## THE PROBLEM
Go over the lines below, and when one contains the word "Intial", copy it.

## SUPPLIED RECORDS
===============
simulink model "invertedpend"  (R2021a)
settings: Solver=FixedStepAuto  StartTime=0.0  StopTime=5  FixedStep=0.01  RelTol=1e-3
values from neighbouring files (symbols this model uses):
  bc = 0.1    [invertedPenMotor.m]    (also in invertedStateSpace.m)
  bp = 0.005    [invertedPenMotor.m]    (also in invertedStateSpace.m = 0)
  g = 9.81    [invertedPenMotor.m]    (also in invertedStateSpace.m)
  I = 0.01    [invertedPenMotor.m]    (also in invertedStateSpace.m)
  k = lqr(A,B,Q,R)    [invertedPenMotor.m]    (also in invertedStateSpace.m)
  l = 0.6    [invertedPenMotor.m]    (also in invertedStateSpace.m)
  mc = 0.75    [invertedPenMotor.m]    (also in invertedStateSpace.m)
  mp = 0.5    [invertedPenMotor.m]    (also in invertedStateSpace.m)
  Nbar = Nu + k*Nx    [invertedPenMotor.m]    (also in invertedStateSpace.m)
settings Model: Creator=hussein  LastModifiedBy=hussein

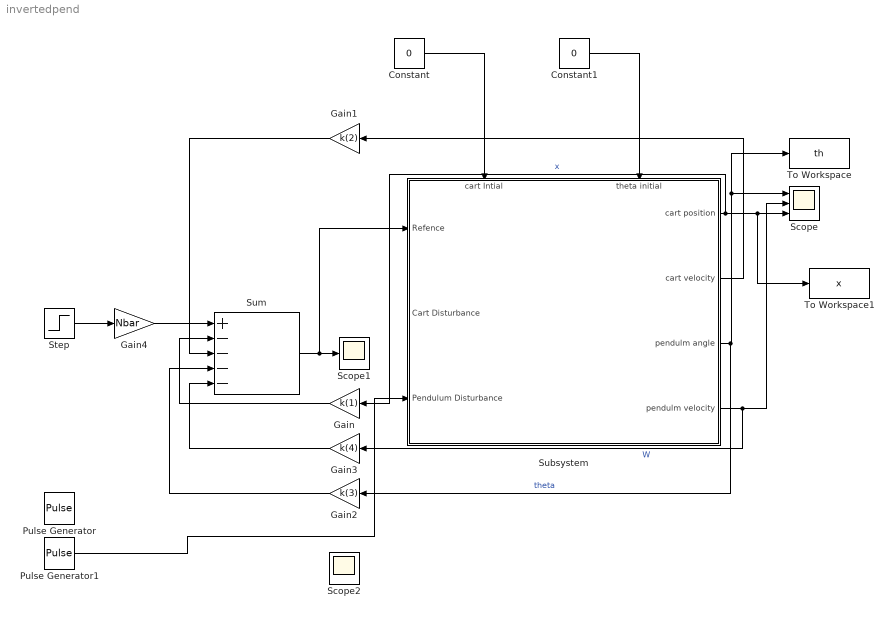
== system invertedpend ==
  Constant : Constant  Value=0
  Constant1 : Constant  Value=0
  Gain : Gain  Gain=k(1)
  Gain1 : Gain  Gain=k(2)
  Gain2 : Gain  Gain=k(3)
  Gain3 : Gain  Gain=k(4)
  Gain4 : Gain  Gain=Nbar
  Pulse Generator : DiscretePulseGenerator  PulseType=Time based  Amplitude=25  Period=5  PhaseDelay=2.5
  Pulse Generator1 : DiscretePulseGenerator  PulseType=Time based  Amplitude=25  Period=5  PhaseDelay=2.5
  Scope : Scope  NumInputPorts=3
  Scope1 : Scope
  Scope2 : Scope
  Step : Step  Time=0  After=0.25  SampleTime=0
  Subsystem : Subsystem
      settings: PortSchema="{\"entries\":[{\"content\":{\"sides\":[{\"content\":{\"connectorIds\":[\"In1\",\"In2\",\"In3\"]},\"type\":\"ConnectorPlacement.EquallySpacedRectSide\",\"uuid\":\"a94d039f-07dc-4bfd-b7f7-29099b730fb6\"},{\"content\":{\"connectorIds\":[\"Out1\",\"Out2\",\"Out3\",\"Out4\"],\"side\":\"RIGHT\"},\"type\":\"ConnectorPlacement.EquallySpacedRectSide\",\"uuid\":\"57859fac-5407-4f7b-91db-7d1251c57063\"},{\"content\":{\"connectorIds\":[\"In4\",\"In5\"],\"side\":\"TOP\"},\"type\":\"ConnectorPlacement.EquallySpacedRectSide\",\"uuid\":\"3a84473e-639c-43f1-96b8-92ab0687d4a5\"},{\"content\":{\"connectorIds\":[],\"side\":\"BOTTOM\"},\"type\":\"ConnectorPlacement.EquallySpacedRectSide\",\"uuid\":\"bdd9be4c-c5e0-46e4-aa97-fa103129b5ab\"}]},\"type\":\"ConnectorPlacement.EquallySpacedConnector\",\"uuid\":\"77cd2099-948c-49fd-a523-d060646d1b88\"}],\"packageUris\":[\"http://schema.mathworks.com/mf0/Connector/R2020b\"],\"version\":\"1.0\"}"
  Sum : Sum  Inputs=+----
  To Workspace : ToWorkspace  VariableName=th  SaveFormat=Timeseries  SampleTime=-1
  To Workspace1 : ToWorkspace  VariableName=x  SaveFormat=Timeseries  SampleTime=-1
  wires:
  Subsystem/2(cart velocity) -> Gain1/1
  Gain/1 -> Sum/2
  Gain1/1 -> Sum/3
  Gain2/1 -> Sum/4
  Subsystem/4(pendulm velocity) -> Scope/2, Gain3/1  "W"
  Gain3/1 -> Sum/5
  Subsystem/1(cart position) -> To Workspace1/1, Scope/3, Gain/1  "x"
  Gain4/1 -> Sum/1
  Subsystem/3(pendulm angle) -> Scope/1, To Workspace/1, Gain2/1  "theta"
  Step/1 -> Gain4/1
  Sum/1 -> Scope1/1, Subsystem/1(Refence)
  Constant/1 -> Subsystem/4(cart Intial)
  Constant1/1 -> Subsystem/5(theta initial)
  Pulse Generator1/1 -> Subsystem/3(Pendulum Disturbance)

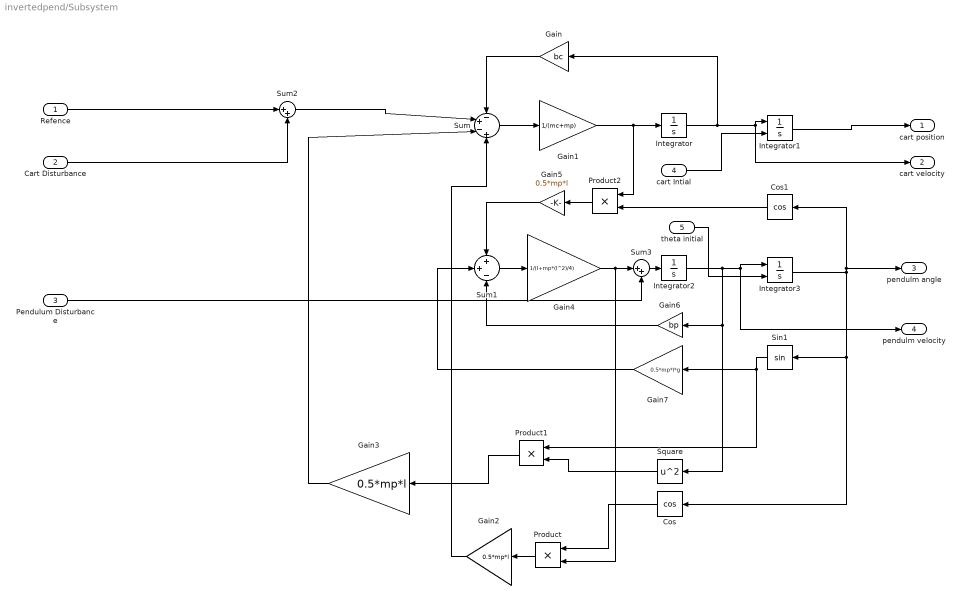
== system invertedpend/Subsystem ==
  Refence : Inport
  Cart Disturbance : Inport  Port=2
  Pendulum Disturbance : Inport  Port=3
  cart Intial : Inport  Port=4
  theta initial : Inport  Port=5
  Cos : Trigonometry  Operator=cos
  Cos1 : Trigonometry  Operator=cos
  Gain : Gain  Gain=bc
  Gain1 : Gain  Gain=1/(mc+mp)
  Gain2 : Gain  Gain=0.5*mp*l
  Gain3 : Gain  Gain=0.5*mp*l
  Gain4 : Gain  Gain=1/(I+mp*(l^2)/4)
  Gain5 : Gain  Gain=0.5*mp*l
  Gain6 : Gain  Gain=bp
  Gain7 : Gain  Gain=0.5*mp*l*g
  Integrator : Integrator
  Integrator1 : Integrator  InitialConditionSource=external
  Integrator2 : Integrator
  Integrator3 : Integrator  InitialConditionSource=external
  Product : Product
  Product1 : Product
  Product2 : Product
  Sin1 : Trigonometry
  Square : Math  Operator=square  SaturateOnIntegerOverflow=on
  Sum : Sum  Inputs=-+-+
  Sum1 : Sum  Inputs=++-
  Sum2 : Sum  Inputs=|++
  Sum3 : Sum  Inputs=|++
  cart position : Outport
  cart velocity : Outport  Port=2
  pendulm angle : Outport  Port=3
  pendulm velocity : Outport  Port=4
  wires:
  Gain1/1 -> Product2/1, Integrator/1
  Product/1 -> Gain2/1
  Gain6/1 -> Sum1/3
  Integrator2/1 -> Square/1, Gain6/1, pendulm velocity/1, Integrator3/1
  Product1/1 -> Gain3/1
  Gain2/1 -> Sum/4
  Cos/1 -> Product/1
  Cos1/1 -> Product2/2
  Sum/1 -> Gain1/1
  Gain3/1 -> Sum/3
  Sum1/1 -> Gain4/1
  Gain/1 -> Sum/1
  Gain5/1 -> Sum1/1
  Product2/1 -> Gain5/1
  Gain7/1 -> Sum1/2
  Integrator1/1 -> cart position/1
  Integrator/1 -> Gain/1, cart velocity/1, Integrator1/1
  Sin1/1 -> Product1/1, Gain7/1
  Square/1 -> Product1/2
  Refence/1 -> Sum2/1
  Cart Disturbance/1 -> Sum2/2
  Sum2/1 -> Sum/2
  Gain4/1 -> Sum3/1, Product/2
  Integrator3/1 -> Cos1/1, pendulm angle/1, Cos/1, Sin1/1
  Sum3/1 -> Integrator2/1
  Pendulum Disturbance/1 -> Sum3/2
  cart Intial/1 -> Integrator1/2
  theta initial/1 -> Integrator3/2
===============
## ANSWER
  Constant/1 -> Subsystem/4(cart Intial)
  cart Intial : Inport  Port=4
  cart Intial/1 -> Integrator1/2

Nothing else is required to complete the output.